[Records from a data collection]
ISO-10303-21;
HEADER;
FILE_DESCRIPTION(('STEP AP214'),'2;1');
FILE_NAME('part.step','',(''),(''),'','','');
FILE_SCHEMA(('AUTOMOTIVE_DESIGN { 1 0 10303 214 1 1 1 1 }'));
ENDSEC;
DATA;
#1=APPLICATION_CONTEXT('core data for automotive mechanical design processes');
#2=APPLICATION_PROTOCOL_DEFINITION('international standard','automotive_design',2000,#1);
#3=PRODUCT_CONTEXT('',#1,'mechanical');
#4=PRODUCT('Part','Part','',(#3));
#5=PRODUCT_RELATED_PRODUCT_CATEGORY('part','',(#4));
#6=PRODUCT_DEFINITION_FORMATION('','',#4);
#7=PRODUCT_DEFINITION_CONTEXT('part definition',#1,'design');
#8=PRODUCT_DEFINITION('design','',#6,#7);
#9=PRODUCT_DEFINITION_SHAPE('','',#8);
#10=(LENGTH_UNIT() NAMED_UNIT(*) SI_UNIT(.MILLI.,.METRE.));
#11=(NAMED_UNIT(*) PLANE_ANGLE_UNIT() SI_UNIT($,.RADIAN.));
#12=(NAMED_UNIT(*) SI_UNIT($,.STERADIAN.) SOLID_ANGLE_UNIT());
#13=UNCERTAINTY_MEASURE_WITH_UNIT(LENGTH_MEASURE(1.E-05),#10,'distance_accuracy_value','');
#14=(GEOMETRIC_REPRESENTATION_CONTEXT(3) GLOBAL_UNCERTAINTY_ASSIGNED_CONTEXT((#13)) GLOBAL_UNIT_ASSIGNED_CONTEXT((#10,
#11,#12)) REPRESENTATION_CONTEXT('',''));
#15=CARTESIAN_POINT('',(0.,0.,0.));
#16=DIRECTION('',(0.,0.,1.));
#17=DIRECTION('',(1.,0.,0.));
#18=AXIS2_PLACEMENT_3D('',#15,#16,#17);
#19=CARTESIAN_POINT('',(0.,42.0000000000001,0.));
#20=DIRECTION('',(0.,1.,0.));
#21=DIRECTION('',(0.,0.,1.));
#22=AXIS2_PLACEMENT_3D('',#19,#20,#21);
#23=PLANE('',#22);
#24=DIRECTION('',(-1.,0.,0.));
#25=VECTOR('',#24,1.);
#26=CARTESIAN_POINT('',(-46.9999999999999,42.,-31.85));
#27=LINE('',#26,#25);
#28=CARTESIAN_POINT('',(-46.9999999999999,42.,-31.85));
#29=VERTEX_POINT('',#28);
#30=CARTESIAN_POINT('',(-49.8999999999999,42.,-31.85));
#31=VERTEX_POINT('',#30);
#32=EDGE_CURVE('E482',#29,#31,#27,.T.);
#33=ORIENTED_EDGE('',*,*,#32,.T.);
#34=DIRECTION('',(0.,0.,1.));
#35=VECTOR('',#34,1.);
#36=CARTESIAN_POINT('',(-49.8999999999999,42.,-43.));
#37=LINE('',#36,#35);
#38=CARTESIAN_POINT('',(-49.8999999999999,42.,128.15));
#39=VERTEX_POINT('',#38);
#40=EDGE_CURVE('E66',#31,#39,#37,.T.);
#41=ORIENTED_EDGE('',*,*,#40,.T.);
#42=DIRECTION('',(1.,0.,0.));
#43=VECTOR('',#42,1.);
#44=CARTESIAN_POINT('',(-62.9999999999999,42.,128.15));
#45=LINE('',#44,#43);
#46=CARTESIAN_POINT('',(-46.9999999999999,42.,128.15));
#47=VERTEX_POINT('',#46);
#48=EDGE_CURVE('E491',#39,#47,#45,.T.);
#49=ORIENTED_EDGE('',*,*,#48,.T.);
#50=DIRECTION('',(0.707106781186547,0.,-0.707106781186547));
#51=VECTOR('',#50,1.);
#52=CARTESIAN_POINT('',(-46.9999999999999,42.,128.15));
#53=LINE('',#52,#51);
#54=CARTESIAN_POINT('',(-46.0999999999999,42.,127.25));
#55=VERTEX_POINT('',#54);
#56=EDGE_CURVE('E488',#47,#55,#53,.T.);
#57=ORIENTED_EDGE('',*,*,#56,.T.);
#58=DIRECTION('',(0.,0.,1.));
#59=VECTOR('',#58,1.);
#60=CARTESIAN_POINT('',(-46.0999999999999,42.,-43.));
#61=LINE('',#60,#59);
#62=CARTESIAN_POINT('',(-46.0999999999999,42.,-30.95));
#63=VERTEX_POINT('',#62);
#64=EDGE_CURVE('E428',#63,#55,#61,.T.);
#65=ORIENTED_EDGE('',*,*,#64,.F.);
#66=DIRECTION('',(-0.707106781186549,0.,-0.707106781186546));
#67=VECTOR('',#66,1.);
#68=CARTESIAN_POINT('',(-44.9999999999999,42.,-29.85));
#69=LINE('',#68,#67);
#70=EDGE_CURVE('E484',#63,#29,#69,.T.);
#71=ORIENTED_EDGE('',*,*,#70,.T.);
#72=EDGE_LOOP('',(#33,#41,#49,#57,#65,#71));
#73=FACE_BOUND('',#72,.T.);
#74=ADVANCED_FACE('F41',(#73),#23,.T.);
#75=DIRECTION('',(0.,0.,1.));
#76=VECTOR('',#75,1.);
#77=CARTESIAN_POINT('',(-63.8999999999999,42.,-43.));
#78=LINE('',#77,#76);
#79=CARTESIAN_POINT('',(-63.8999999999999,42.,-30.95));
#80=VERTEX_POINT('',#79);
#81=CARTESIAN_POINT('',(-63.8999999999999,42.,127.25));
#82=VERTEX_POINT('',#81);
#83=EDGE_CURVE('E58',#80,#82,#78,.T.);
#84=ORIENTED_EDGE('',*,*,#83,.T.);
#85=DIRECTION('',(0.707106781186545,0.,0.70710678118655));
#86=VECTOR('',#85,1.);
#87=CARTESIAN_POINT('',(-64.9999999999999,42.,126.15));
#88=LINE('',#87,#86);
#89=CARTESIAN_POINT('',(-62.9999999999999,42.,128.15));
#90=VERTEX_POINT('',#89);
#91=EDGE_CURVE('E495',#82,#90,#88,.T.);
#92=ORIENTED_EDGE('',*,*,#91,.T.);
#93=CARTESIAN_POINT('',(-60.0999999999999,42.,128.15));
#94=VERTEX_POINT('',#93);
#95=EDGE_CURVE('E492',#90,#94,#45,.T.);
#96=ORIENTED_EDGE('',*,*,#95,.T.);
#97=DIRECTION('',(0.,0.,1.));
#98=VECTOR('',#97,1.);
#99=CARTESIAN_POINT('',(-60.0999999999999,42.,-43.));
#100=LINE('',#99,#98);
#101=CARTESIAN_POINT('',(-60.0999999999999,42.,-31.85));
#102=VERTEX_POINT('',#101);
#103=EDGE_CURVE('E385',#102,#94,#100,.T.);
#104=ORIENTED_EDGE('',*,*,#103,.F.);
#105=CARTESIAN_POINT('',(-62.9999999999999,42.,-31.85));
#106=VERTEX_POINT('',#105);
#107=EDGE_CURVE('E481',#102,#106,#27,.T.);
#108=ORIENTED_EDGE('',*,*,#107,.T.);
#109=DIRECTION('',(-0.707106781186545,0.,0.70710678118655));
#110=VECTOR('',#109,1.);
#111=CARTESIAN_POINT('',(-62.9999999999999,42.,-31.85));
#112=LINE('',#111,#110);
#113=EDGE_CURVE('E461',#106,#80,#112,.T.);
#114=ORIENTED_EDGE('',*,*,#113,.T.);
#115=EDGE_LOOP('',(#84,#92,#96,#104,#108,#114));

* **WHAT YOU NEED TO DO**:
Output each line of the data exactly as it stands above.

* **SOLUTION**:
ISO-10303-21;
HEADER;
FILE_DESCRIPTION(('STEP AP214'),'2;1');
FILE_NAME('part.step','',(''),(''),'','','');
FILE_SCHEMA(('AUTOMOTIVE_DESIGN { 1 0 10303 214 1 1 1 1 }'));
ENDSEC;
DATA;
#1=APPLICATION_CONTEXT('core data for automotive mechanical design processes');
#2=APPLICATION_PROTOCOL_DEFINITION('international standard','automotive_design',2000,#1);
#3=PRODUCT_CONTEXT('',#1,'mechanical');
#4=PRODUCT('Part','Part','',(#3));
#5=PRODUCT_RELATED_PRODUCT_CATEGORY('part','',(#4));
#6=PRODUCT_DEFINITION_FORMATION('','',#4);
#7=PRODUCT_DEFINITION_CONTEXT('part definition',#1,'design');
#8=PRODUCT_DEFINITION('design','',#6,#7);
#9=PRODUCT_DEFINITION_SHAPE('','',#8);
#10=(LENGTH_UNIT() NAMED_UNIT(*) SI_UNIT(.MILLI.,.METRE.));
#11=(NAMED_UNIT(*) PLANE_ANGLE_UNIT() SI_UNIT($,.RADIAN.));
#12=(NAMED_UNIT(*) SI_UNIT($,.STERADIAN.) SOLID_ANGLE_UNIT());
#13=UNCERTAINTY_MEASURE_WITH_UNIT(LENGTH_MEASURE(1.E-05),#10,'distance_accuracy_value','');
#14=(GEOMETRIC_REPRESENTATION_CONTEXT(3) GLOBAL_UNCERTAINTY_ASSIGNED_CONTEXT((#13)) GLOBAL_UNIT_ASSIGNED_CONTEXT((#10,
#11,#12)) REPRESENTATION_CONTEXT('',''));
#15=CARTESIAN_POINT('',(0.,0.,0.));
#16=DIRECTION('',(0.,0.,1.));
#17=DIRECTION('',(1.,0.,0.));
#18=AXIS2_PLACEMENT_3D('',#15,#16,#17);
#19=CARTESIAN_POINT('',(0.,42.0000000000001,0.));
#20=DIRECTION('',(0.,1.,0.));
#21=DIRECTION('',(0.,0.,1.));
#22=AXIS2_PLACEMENT_3D('',#19,#20,#21);
#23=PLANE('',#22);
#24=DIRECTION('',(-1.,0.,0.));
#25=VECTOR('',#24,1.);
#26=CARTESIAN_POINT('',(-46.9999999999999,42.,-31.85));
#27=LINE('',#26,#25);
#28=CARTESIAN_POINT('',(-46.9999999999999,42.,-31.85));
#29=VERTEX_POINT('',#28);
#30=CARTESIAN_POINT('',(-49.8999999999999,42.,-31.85));
#31=VERTEX_POINT('',#30);
#32=EDGE_CURVE('E482',#29,#31,#27,.T.);
#33=ORIENTED_EDGE('',*,*,#32,.T.);
#34=DIRECTION('',(0.,0.,1.));
#35=VECTOR('',#34,1.);
#36=CARTESIAN_POINT('',(-49.8999999999999,42.,-43.));
#37=LINE('',#36,#35);
#38=CARTESIAN_POINT('',(-49.8999999999999,42.,128.15));
#39=VERTEX_POINT('',#38);
#40=EDGE_CURVE('E66',#31,#39,#37,.T.);
#41=ORIENTED_EDGE('',*,*,#40,.T.);
#42=DIRECTION('',(1.,0.,0.));
#43=VECTOR('',#42,1.);
#44=CARTESIAN_POINT('',(-62.9999999999999,42.,128.15));
#45=LINE('',#44,#43);
#46=CARTESIAN_POINT('',(-46.9999999999999,42.,128.15));
#47=VERTEX_POINT('',#46);
#48=EDGE_CURVE('E491',#39,#47,#45,.T.);
#49=ORIENTED_EDGE('',*,*,#48,.T.);
#50=DIRECTION('',(0.707106781186547,0.,-0.707106781186547));
#51=VECTOR('',#50,1.);
#52=CARTESIAN_POINT('',(-46.9999999999999,42.,128.15));
#53=LINE('',#52,#51);
#54=CARTESIAN_POINT('',(-46.0999999999999,42.,127.25));
#55=VERTEX_POINT('',#54);
#56=EDGE_CURVE('E488',#47,#55,#53,.T.);
#57=ORIENTED_EDGE('',*,*,#56,.T.);
#58=DIRECTION('',(0.,0.,1.));
#59=VECTOR('',#58,1.);
#60=CARTESIAN_POINT('',(-46.0999999999999,42.,-43.));
#61=LINE('',#60,#59);
#62=CARTESIAN_POINT('',(-46.0999999999999,42.,-30.95));
#63=VERTEX_POINT('',#62);
#64=EDGE_CURVE('E428',#63,#55,#61,.T.);
#65=ORIENTED_EDGE('',*,*,#64,.F.);
#66=DIRECTION('',(-0.707106781186549,0.,-0.707106781186546));
#67=VECTOR('',#66,1.);
#68=CARTESIAN_POINT('',(-44.9999999999999,42.,-29.85));
#69=LINE('',#68,#67);
#70=EDGE_CURVE('E484',#63,#29,#69,.T.);
#71=ORIENTED_EDGE('',*,*,#70,.T.);
#72=EDGE_LOOP('',(#33,#41,#49,#57,#65,#71));
#73=FACE_BOUND('',#72,.T.);
#74=ADVANCED_FACE('F41',(#73),#23,.T.);
#75=DIRECTION('',(0.,0.,1.));
#76=VECTOR('',#75,1.);
#77=CARTESIAN_POINT('',(-63.8999999999999,42.,-43.));
#78=LINE('',#77,#76);
#79=CARTESIAN_POINT('',(-63.8999999999999,42.,-30.95));
#80=VERTEX_POINT('',#79);
#81=CARTESIAN_POINT('',(-63.8999999999999,42.,127.25));
#82=VERTEX_POINT('',#81);
#83=EDGE_CURVE('E58',#80,#82,#78,.T.);
#84=ORIENTED_EDGE('',*,*,#83,.T.);
#85=DIRECTION('',(0.707106781186545,0.,0.70710678118655));
#86=VECTOR('',#85,1.);
#87=CARTESIAN_POINT('',(-64.9999999999999,42.,126.15));
#88=LINE('',#87,#86);
#89=CARTESIAN_POINT('',(-62.9999999999999,42.,128.15));
#90=VERTEX_POINT('',#89);
#91=EDGE_CURVE('E495',#82,#90,#88,.T.);
#92=ORIENTED_EDGE('',*,*,#91,.T.);
#93=CARTESIAN_POINT('',(-60.0999999999999,42.,128.15));
#94=VERTEX_POINT('',#93);
#95=EDGE_CURVE('E492',#90,#94,#45,.T.);
#96=ORIENTED_EDGE('',*,*,#95,.T.);
#97=DIRECTION('',(0.,0.,1.));
#98=VECTOR('',#97,1.);
#99=CARTESIAN_POINT('',(-60.0999999999999,42.,-43.));
#100=LINE('',#99,#98);
#101=CARTESIAN_POINT('',(-60.0999999999999,42.,-31.85));
#102=VERTEX_POINT('',#101);
#103=EDGE_CURVE('E385',#102,#94,#100,.T.);
#104=ORIENTED_EDGE('',*,*,#103,.F.);
#105=CARTESIAN_POINT('',(-62.9999999999999,42.,-31.85));
#106=VERTEX_POINT('',#105);
#107=EDGE_CURVE('E481',#102,#106,#27,.T.);
#108=ORIENTED_EDGE('',*,*,#107,.T.);
#109=DIRECTION('',(-0.707106781186545,0.,0.70710678118655));
#110=VECTOR('',#109,1.);
#111=CARTESIAN_POINT('',(-62.9999999999999,42.,-31.85));
#112=LINE('',#111,#110);
#113=EDGE_CURVE('E461',#106,#80,#112,.T.);
#114=ORIENTED_EDGE('',*,*,#113,.T.);
#115=EDGE_LOOP('',(#84,#92,#96,#104,#108,#114));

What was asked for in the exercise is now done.